[Collection entries]
---

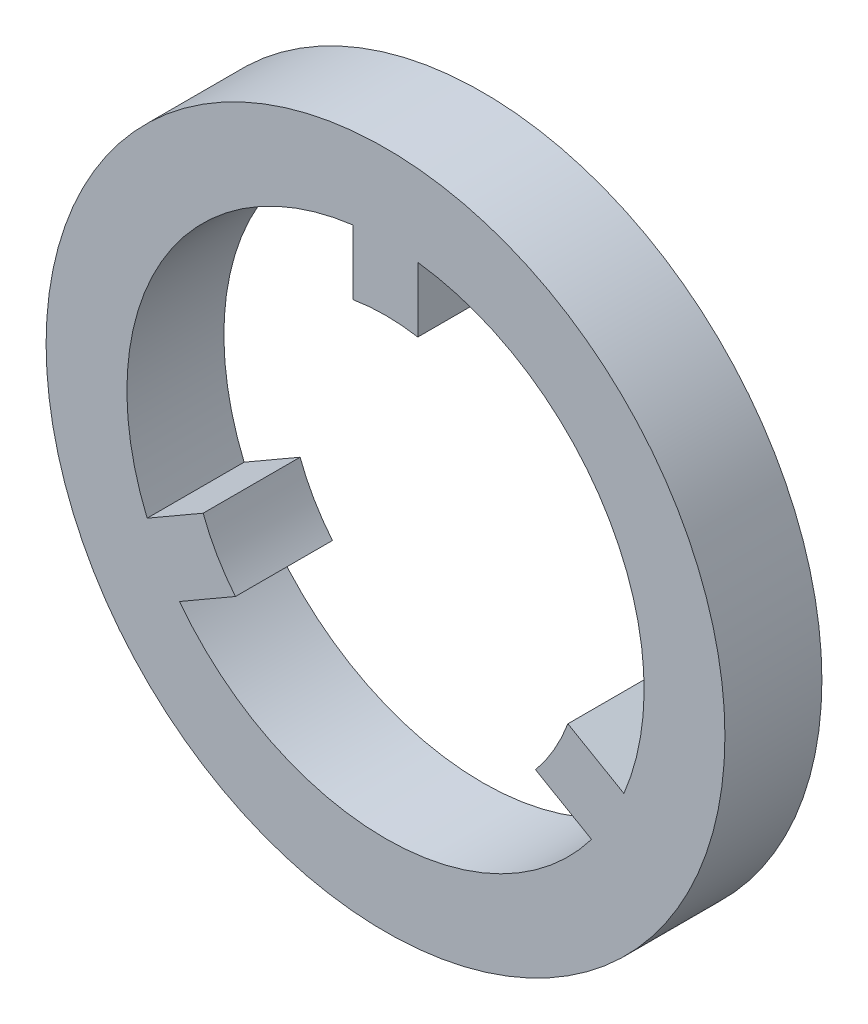
ISO-10303-21;
HEADER;
FILE_DESCRIPTION(('STEP AP214'),'2;1');
FILE_NAME('part.step','',(''),(''),'','','');
FILE_SCHEMA(('AUTOMOTIVE_DESIGN { 1 0 10303 214 1 1 1 1 }'));
ENDSEC;
DATA;
#1=APPLICATION_CONTEXT('core data for automotive mechanical design processes');
#2=APPLICATION_PROTOCOL_DEFINITION('international standard','automotive_design',2000,#1);
#3=PRODUCT_CONTEXT('',#1,'mechanical');
#4=PRODUCT('Part','Part','',(#3));
#5=PRODUCT_RELATED_PRODUCT_CATEGORY('part','',(#4));
#6=PRODUCT_DEFINITION_FORMATION('','',#4);
#7=PRODUCT_DEFINITION_CONTEXT('part definition',#1,'design');
#8=PRODUCT_DEFINITION('design','',#6,#7);
#9=PRODUCT_DEFINITION_SHAPE('','',#8);
#10=(LENGTH_UNIT() NAMED_UNIT(*) SI_UNIT(.MILLI.,.METRE.));
#11=(NAMED_UNIT(*) PLANE_ANGLE_UNIT() SI_UNIT($,.RADIAN.));
#12=(NAMED_UNIT(*) SI_UNIT($,.STERADIAN.) SOLID_ANGLE_UNIT());
#13=UNCERTAINTY_MEASURE_WITH_UNIT(LENGTH_MEASURE(1.E-05),#10,'distance_accuracy_value','');
#14=(GEOMETRIC_REPRESENTATION_CONTEXT(3) GLOBAL_UNCERTAINTY_ASSIGNED_CONTEXT((#13)) GLOBAL_UNIT_ASSIGNED_CONTEXT((#10,
#11,#12)) REPRESENTATION_CONTEXT('',''));
#15=CARTESIAN_POINT('',(0.,0.,0.));
#16=DIRECTION('',(0.,0.,1.));
#17=DIRECTION('',(1.,0.,0.));
#18=AXIS2_PLACEMENT_3D('',#15,#16,#17);
#19=CARTESIAN_POINT('',(0.,0.,3.));
#20=DIRECTION('',(0.,0.,-1.));
#21=DIRECTION('',(-1.,0.,0.));
#22=AXIS2_PLACEMENT_3D('',#19,#20,#21);
#23=CYLINDRICAL_SURFACE('',#22,8.00000000000001);
#24=CARTESIAN_POINT('',(0.,0.,0.));
#25=DIRECTION('',(0.,0.,1.));
#26=DIRECTION('',(1.,0.,0.));
#27=AXIS2_PLACEMENT_3D('',#24,#25,#26);
#28=CIRCLE('',#27,8.00000000000001);
#29=CARTESIAN_POINT('',(7.37386354243377,-3.10260156281245,0.));
#30=VERTEX_POINT('',#29);
#31=CARTESIAN_POINT('',(1.,7.93725393319378,0.));
#32=VERTEX_POINT('',#31);
#33=EDGE_CURVE('E160',#30,#32,#28,.T.);
#34=ORIENTED_EDGE('',*,*,#33,.F.);
#35=DIRECTION('',(0.,0.,-1.));
#36=VECTOR('',#35,1.);
#37=CARTESIAN_POINT('',(7.37386354243377,-3.10260156281245,3.));
#38=LINE('',#37,#36);
#39=CARTESIAN_POINT('',(7.37386354243377,-3.10260156281245,3.));
#40=VERTEX_POINT('',#39);
#41=EDGE_CURVE('E11',#40,#30,#38,.T.);
#42=ORIENTED_EDGE('',*,*,#41,.F.);
#43=CARTESIAN_POINT('',(0.,0.,3.));
#44=DIRECTION('',(0.,0.,1.));
#45=DIRECTION('',(1.,0.,0.));
#46=AXIS2_PLACEMENT_3D('',#43,#44,#45);
#47=CIRCLE('',#46,8.00000000000001);
#48=CARTESIAN_POINT('',(1.,7.93725393319378,3.));
#49=VERTEX_POINT('',#48);
#50=EDGE_CURVE('E191',#40,#49,#47,.T.);
#51=ORIENTED_EDGE('',*,*,#50,.T.);
#52=DIRECTION('',(0.,0.,-1.));
#53=VECTOR('',#52,1.);
#54=CARTESIAN_POINT('',(1.,7.93725393319378,3.));
#55=LINE('',#54,#53);
#56=EDGE_CURVE('E54',#49,#32,#55,.T.);
#57=ORIENTED_EDGE('',*,*,#56,.T.);
#58=EDGE_LOOP('',(#34,#42,#51,#57));
#59=FACE_BOUND('',#58,.T.);
#60=ADVANCED_FACE('F37',(#59),#23,.F.);
#61=CARTESIAN_POINT('',(0.5,0.866025403784439,3.));
#62=DIRECTION('',(-0.5,-0.866025403784439,0.));
#63=DIRECTION('',(0.866025403784439,-0.5,0.));
#64=AXIS2_PLACEMENT_3D('',#61,#62,#63);
#65=PLANE('',#64);
#66=DIRECTION('',(-0.866025403784439,0.5,0.));
#67=VECTOR('',#66,1.);
#68=CARTESIAN_POINT('',(0.5,0.866025403784439,0.));
#69=LINE('',#68,#67);
#70=CARTESIAN_POINT('',(5.64181273486489,-2.10260156281245,0.));
#71=VERTEX_POINT('',#70);
#72=EDGE_CURVE('E162',#30,#71,#69,.T.);
#73=ORIENTED_EDGE('',*,*,#72,.T.);
#74=DIRECTION('',(0.,0.,-1.));
#75=VECTOR('',#74,1.);
#76=CARTESIAN_POINT('',(5.64181273486489,-2.10260156281245,3.));
#77=LINE('',#76,#75);
#78=CARTESIAN_POINT('',(5.64181273486489,-2.10260156281245,3.));
#79=VERTEX_POINT('',#78);
#80=EDGE_CURVE('E46',#79,#71,#77,.T.);
#81=ORIENTED_EDGE('',*,*,#80,.F.);
#82=DIRECTION('',(-0.866025403784439,0.5,0.));
#83=VECTOR('',#82,1.);
#84=CARTESIAN_POINT('',(0.5,0.866025403784439,3.));
#85=LINE('',#84,#83);
#86=EDGE_CURVE('E229',#40,#79,#85,.T.);
#87=ORIENTED_EDGE('',*,*,#86,.F.);
#88=ORIENTED_EDGE('',*,*,#41,.T.);
#89=EDGE_LOOP('',(#73,#81,#87,#88));
#90=FACE_BOUND('',#89,.T.);
#91=ADVANCED_FACE('F39',(#90),#65,.F.);
#92=CARTESIAN_POINT('',(0.,0.,3.));
#93=DIRECTION('',(0.,0.,-1.));
#94=DIRECTION('',(-1.,0.,0.));
#95=AXIS2_PLACEMENT_3D('',#92,#93,#94);
#96=CYLINDRICAL_SURFACE('',#95,6.02087902778531);
#97=CARTESIAN_POINT('',(0.,0.,0.));
#98=DIRECTION('',(0.,0.,1.));
#99=DIRECTION('',(1.,0.,0.));
#100=AXIS2_PLACEMENT_3D('',#97,#98,#99);
#101=CIRCLE('',#100,6.02087902778531);
#102=CARTESIAN_POINT('',(4.64181273486489,-3.83465237038133,0.));
#103=VERTEX_POINT('',#102);
#104=EDGE_CURVE('E167',#103,#71,#101,.T.);
#105=ORIENTED_EDGE('',*,*,#104,.F.);
#106=DIRECTION('',(0.,0.,-1.));
#107=VECTOR('',#106,1.);
#108=CARTESIAN_POINT('',(4.64181273486489,-3.83465237038133,3.));
#109=LINE('',#108,#107);
#110=CARTESIAN_POINT('',(4.64181273486489,-3.83465237038133,3.));
#111=VERTEX_POINT('',#110);
#112=EDGE_CURVE('E205',#111,#103,#109,.T.);
#113=ORIENTED_EDGE('',*,*,#112,.F.);
#114=CARTESIAN_POINT('',(0.,0.,3.));
#115=DIRECTION('',(0.,0.,1.));
#116=DIRECTION('',(1.,0.,0.));
#117=AXIS2_PLACEMENT_3D('',#114,#115,#116);
#118=CIRCLE('',#117,6.02087902778531);
#119=EDGE_CURVE('E212',#111,#79,#118,.T.);
#120=ORIENTED_EDGE('',*,*,#119,.T.);
#121=ORIENTED_EDGE('',*,*,#80,.T.);
#122=EDGE_LOOP('',(#105,#113,#120,#121));
#123=FACE_BOUND('',#122,.T.);
#124=ADVANCED_FACE('F210',(#123),#96,.F.);
#125=CARTESIAN_POINT('',(-0.499999999999995,-0.866025403784425,3.));
#126=DIRECTION('',(-0.500000000000002,-0.866025403784438,0.));
#127=DIRECTION('',(0.866025403784438,-0.500000000000002,0.));
#128=AXIS2_PLACEMENT_3D('',#125,#126,#127);
#129=PLANE('',#128);
#130=DIRECTION('',(-0.866025403784438,0.500000000000002,0.));
#131=VECTOR('',#130,1.);
#132=CARTESIAN_POINT('',(-0.499999999999995,-0.866025403784425,0.));
#133=LINE('',#132,#131);
#134=CARTESIAN_POINT('',(6.37386354243376,-4.83465237038133,0.));
#135=VERTEX_POINT('',#134);
#136=EDGE_CURVE('E170',#135,#103,#133,.T.);
#137=ORIENTED_EDGE('',*,*,#136,.F.);
#138=DIRECTION('',(0.,0.,-1.));
#139=VECTOR('',#138,1.);
#140=CARTESIAN_POINT('',(6.37386354243376,-4.83465237038133,3.));
#141=LINE('',#140,#139);
#142=CARTESIAN_POINT('',(6.37386354243376,-4.83465237038133,3.));
#143=VERTEX_POINT('',#142);
#144=EDGE_CURVE('E203',#143,#135,#141,.T.);
#145=ORIENTED_EDGE('',*,*,#144,.F.);
#146=DIRECTION('',(-0.866025403784438,0.500000000000002,0.));
#147=VECTOR('',#146,1.);
#148=CARTESIAN_POINT('',(-0.499999999999995,-0.866025403784425,3.));
#149=LINE('',#148,#147);
#150=EDGE_CURVE('E226',#143,#111,#149,.T.);
#151=ORIENTED_EDGE('',*,*,#150,.T.);
#152=ORIENTED_EDGE('',*,*,#112,.T.);
#153=EDGE_LOOP('',(#137,#145,#151,#152));
#154=FACE_BOUND('',#153,.T.);
#155=ADVANCED_FACE('F223',(#154),#129,.T.);
#156=CARTESIAN_POINT('',(-6.37386354243376,-4.83465237038133,0.));
#157=VERTEX_POINT('',#156);
#158=EDGE_CURVE('E164',#157,#135,#28,.T.);
#159=ORIENTED_EDGE('',*,*,#158,.F.);
#160=DIRECTION('',(0.,0.,-1.));
#161=VECTOR('',#160,1.);
#162=CARTESIAN_POINT('',(-6.37386354243376,-4.83465237038133,3.));
#163=LINE('',#162,#161);
#164=CARTESIAN_POINT('',(-6.37386354243376,-4.83465237038133,3.));
#165=VERTEX_POINT('',#164);
#166=EDGE_CURVE('E201',#165,#157,#163,.T.);
#167=ORIENTED_EDGE('',*,*,#166,.F.);
#168=EDGE_CURVE('E231',#165,#143,#47,.T.);
#169=ORIENTED_EDGE('',*,*,#168,.T.);
#170=ORIENTED_EDGE('',*,*,#144,.T.);
#171=EDGE_LOOP('',(#159,#167,#169,#170));
#172=FACE_BOUND('',#171,.T.);
#173=ADVANCED_FACE('F257',(#172),#23,.F.);
#174=CARTESIAN_POINT('',(0.500000000000001,-0.86602540378444,3.));
#175=DIRECTION('',(-0.5,0.866025403784439,0.));
#176=DIRECTION('',(-0.866025403784439,-0.5,0.));
#177=AXIS2_PLACEMENT_3D('',#174,#175,#176);
#178=PLANE('',#177);
#179=DIRECTION('',(0.866025403784439,0.5,0.));
#180=VECTOR('',#179,1.);
#181=CARTESIAN_POINT('',(0.500000000000001,-0.86602540378444,0.));
#182=LINE('',#181,#180);
#183=CARTESIAN_POINT('',(-4.64181273486489,-3.83465237038133,0.));
#184=VERTEX_POINT('',#183);
#185=EDGE_CURVE('E173',#157,#184,#182,.T.);
#186=ORIENTED_EDGE('',*,*,#185,.T.);
#187=DIRECTION('',(0.,0.,-1.));
#188=VECTOR('',#187,1.);
#189=CARTESIAN_POINT('',(-4.64181273486489,-3.83465237038133,3.));
#190=LINE('',#189,#188);
#191=CARTESIAN_POINT('',(-4.64181273486489,-3.83465237038133,3.));
#192=VERTEX_POINT('',#191);
#193=EDGE_CURVE('E199',#192,#184,#190,.T.);
#194=ORIENTED_EDGE('',*,*,#193,.F.);
#195=DIRECTION('',(0.866025403784439,0.5,0.));
#196=VECTOR('',#195,1.);
#197=CARTESIAN_POINT('',(0.500000000000001,-0.86602540378444,3.));
#198=LINE('',#197,#196);
#199=EDGE_CURVE('E236',#165,#192,#198,.T.);
#200=ORIENTED_EDGE('',*,*,#199,.F.);
#201=ORIENTED_EDGE('',*,*,#166,.T.);
#202=EDGE_LOOP('',(#186,#194,#200,#201));
#203=FACE_BOUND('',#202,.T.);
#204=ADVANCED_FACE('F265',(#203),#178,.F.);
#205=CARTESIAN_POINT('',(0.,0.,3.));
#206=DIRECTION('',(0.,0.,-1.));
#207=DIRECTION('',(-1.,0.,0.));
#208=AXIS2_PLACEMENT_3D('',#205,#206,#207);
#209=CYLINDRICAL_SURFACE('',#208,6.02087902778531);
#210=CARTESIAN_POINT('',(0.,0.,0.));
#211=DIRECTION('',(0.,0.,1.));
#212=DIRECTION('',(1.,0.,0.));
#213=AXIS2_PLACEMENT_3D('',#210,#211,#212);
#214=CIRCLE('',#213,6.02087902778531);
#215=CARTESIAN_POINT('',(-5.64181273486489,-2.10260156281245,0.));
#216=VERTEX_POINT('',#215);
#217=EDGE_CURVE('E176',#216,#184,#214,.T.);
#218=ORIENTED_EDGE('',*,*,#217,.F.);
#219=DIRECTION('',(0.,0.,-1.));
#220=VECTOR('',#219,1.);
#221=CARTESIAN_POINT('',(-5.64181273486489,-2.10260156281245,3.));
#222=LINE('',#221,#220);
#223=CARTESIAN_POINT('',(-5.64181273486489,-2.10260156281245,3.));
#224=VERTEX_POINT('',#223);
#225=EDGE_CURVE('E197',#224,#216,#222,.T.);
#226=ORIENTED_EDGE('',*,*,#225,.F.);
#227=CARTESIAN_POINT('',(0.,0.,3.));
#228=DIRECTION('',(0.,0.,1.));
#229=DIRECTION('',(1.,0.,0.));
#230=AXIS2_PLACEMENT_3D('',#227,#228,#229);
#231=CIRCLE('',#230,6.02087902778531);
#232=EDGE_CURVE('E238',#224,#192,#231,.T.);
#233=ORIENTED_EDGE('',*,*,#232,.T.);
#234=ORIENTED_EDGE('',*,*,#193,.T.);
#235=EDGE_LOOP('',(#218,#226,#233,#234));
#236=FACE_BOUND('',#235,.T.);
#237=ADVANCED_FACE('F273',(#236),#209,.F.);
#238=CARTESIAN_POINT('',(-0.499999999999999,0.866025403784437,3.));
#239=DIRECTION('',(-0.5,0.866025403784439,0.));
#240=DIRECTION('',(-0.866025403784439,-0.5,0.));
#241=AXIS2_PLACEMENT_3D('',#238,#239,#240);
#242=PLANE('',#241);
#243=DIRECTION('',(0.866025403784439,0.5,0.));
#244=VECTOR('',#243,1.);
#245=CARTESIAN_POINT('',(-0.499999999999999,0.866025403784437,0.));
#246=LINE('',#245,#244);
#247=CARTESIAN_POINT('',(-7.37386354243376,-3.10260156281245,0.));
#248=VERTEX_POINT('',#247);
#249=EDGE_CURVE('E179',#248,#216,#246,.T.);
#250=ORIENTED_EDGE('',*,*,#249,.F.);
#251=DIRECTION('',(0.,0.,-1.));
#252=VECTOR('',#251,1.);
#253=CARTESIAN_POINT('',(-7.37386354243376,-3.10260156281245,3.));
#254=LINE('',#253,#252);
#255=CARTESIAN_POINT('',(-7.37386354243376,-3.10260156281245,3.));
#256=VERTEX_POINT('',#255);
#257=EDGE_CURVE('E195',#256,#248,#254,.T.);
#258=ORIENTED_EDGE('',*,*,#257,.F.);
#259=DIRECTION('',(0.866025403784439,0.5,0.));
#260=VECTOR('',#259,1.);
#261=CARTESIAN_POINT('',(-0.499999999999999,0.866025403784437,3.));
#262=LINE('',#261,#260);
#263=EDGE_CURVE('E240',#256,#224,#262,.T.);
#264=ORIENTED_EDGE('',*,*,#263,.T.);
#265=ORIENTED_EDGE('',*,*,#225,.T.);
#266=EDGE_LOOP('',(#250,#258,#264,#265));
#267=FACE_BOUND('',#266,.T.);
#268=ADVANCED_FACE('F268',(#267),#242,.T.);
#269=CARTESIAN_POINT('',(-1.,7.93725393319378,0.));
#270=VERTEX_POINT('',#269);
#271=EDGE_CURVE('E163',#270,#248,#28,.T.);
#272=ORIENTED_EDGE('',*,*,#271,.F.);
#273=DIRECTION('',(0.,0.,-1.));
#274=VECTOR('',#273,1.);
#275=CARTESIAN_POINT('',(-1.,7.93725393319378,3.));
#276=LINE('',#275,#274);
#277=CARTESIAN_POINT('',(-1.,7.93725393319378,3.));
#278=VERTEX_POINT('',#277);
#279=EDGE_CURVE('E149',#278,#270,#276,.T.);
#280=ORIENTED_EDGE('',*,*,#279,.F.);
#281=EDGE_CURVE('E139',#278,#256,#47,.T.);
#282=ORIENTED_EDGE('',*,*,#281,.T.);
#283=ORIENTED_EDGE('',*,*,#257,.T.);
#284=EDGE_LOOP('',(#272,#280,#282,#283));
#285=FACE_BOUND('',#284,.T.);
#286=ADVANCED_FACE('F258',(#285),#23,.F.);
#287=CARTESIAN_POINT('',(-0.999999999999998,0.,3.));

---

| YOUR TASK |
Every line above from the line with "#119=EDGE_CURVE('E212',#111,#79,#118,.T.);" to the line with "#145=ORIENTED_EDGE('',*,*,#144,.F.);", inclusive, must be returned exactly; no other line belongs in the reply.

| RESULT |
#119=EDGE_CURVE('E212',#111,#79,#118,.T.);
#120=ORIENTED_EDGE('',*,*,#119,.T.);
#121=ORIENTED_EDGE('',*,*,#80,.T.);
#122=EDGE_LOOP('',(#105,#113,#120,#121));
#123=FACE_BOUND('',#122,.T.);
#124=ADVANCED_FACE('F210',(#123),#96,.F.);
#125=CARTESIAN_POINT('',(-0.499999999999995,-0.866025403784425,3.));
#126=DIRECTION('',(-0.500000000000002,-0.866025403784438,0.));
#127=DIRECTION('',(0.866025403784438,-0.500000000000002,0.));
#128=AXIS2_PLACEMENT_3D('',#125,#126,#127);
#129=PLANE('',#128);
#130=DIRECTION('',(-0.866025403784438,0.500000000000002,0.));
#131=VECTOR('',#130,1.);
#132=CARTESIAN_POINT('',(-0.499999999999995,-0.866025403784425,0.));
#133=LINE('',#132,#131);
#134=CARTESIAN_POINT('',(6.37386354243376,-4.83465237038133,0.));
#135=VERTEX_POINT('',#134);
#136=EDGE_CURVE('E170',#135,#103,#133,.T.);
#137=ORIENTED_EDGE('',*,*,#136,.F.);
#138=DIRECTION('',(0.,0.,-1.));
#139=VECTOR('',#138,1.);
#140=CARTESIAN_POINT('',(6.37386354243376,-4.83465237038133,3.));
#141=LINE('',#140,#139);
#142=CARTESIAN_POINT('',(6.37386354243376,-4.83465237038133,3.));
#143=VERTEX_POINT('',#142);
#144=EDGE_CURVE('E203',#143,#135,#141,.T.);
#145=ORIENTED_EDGE('',*,*,#144,.F.);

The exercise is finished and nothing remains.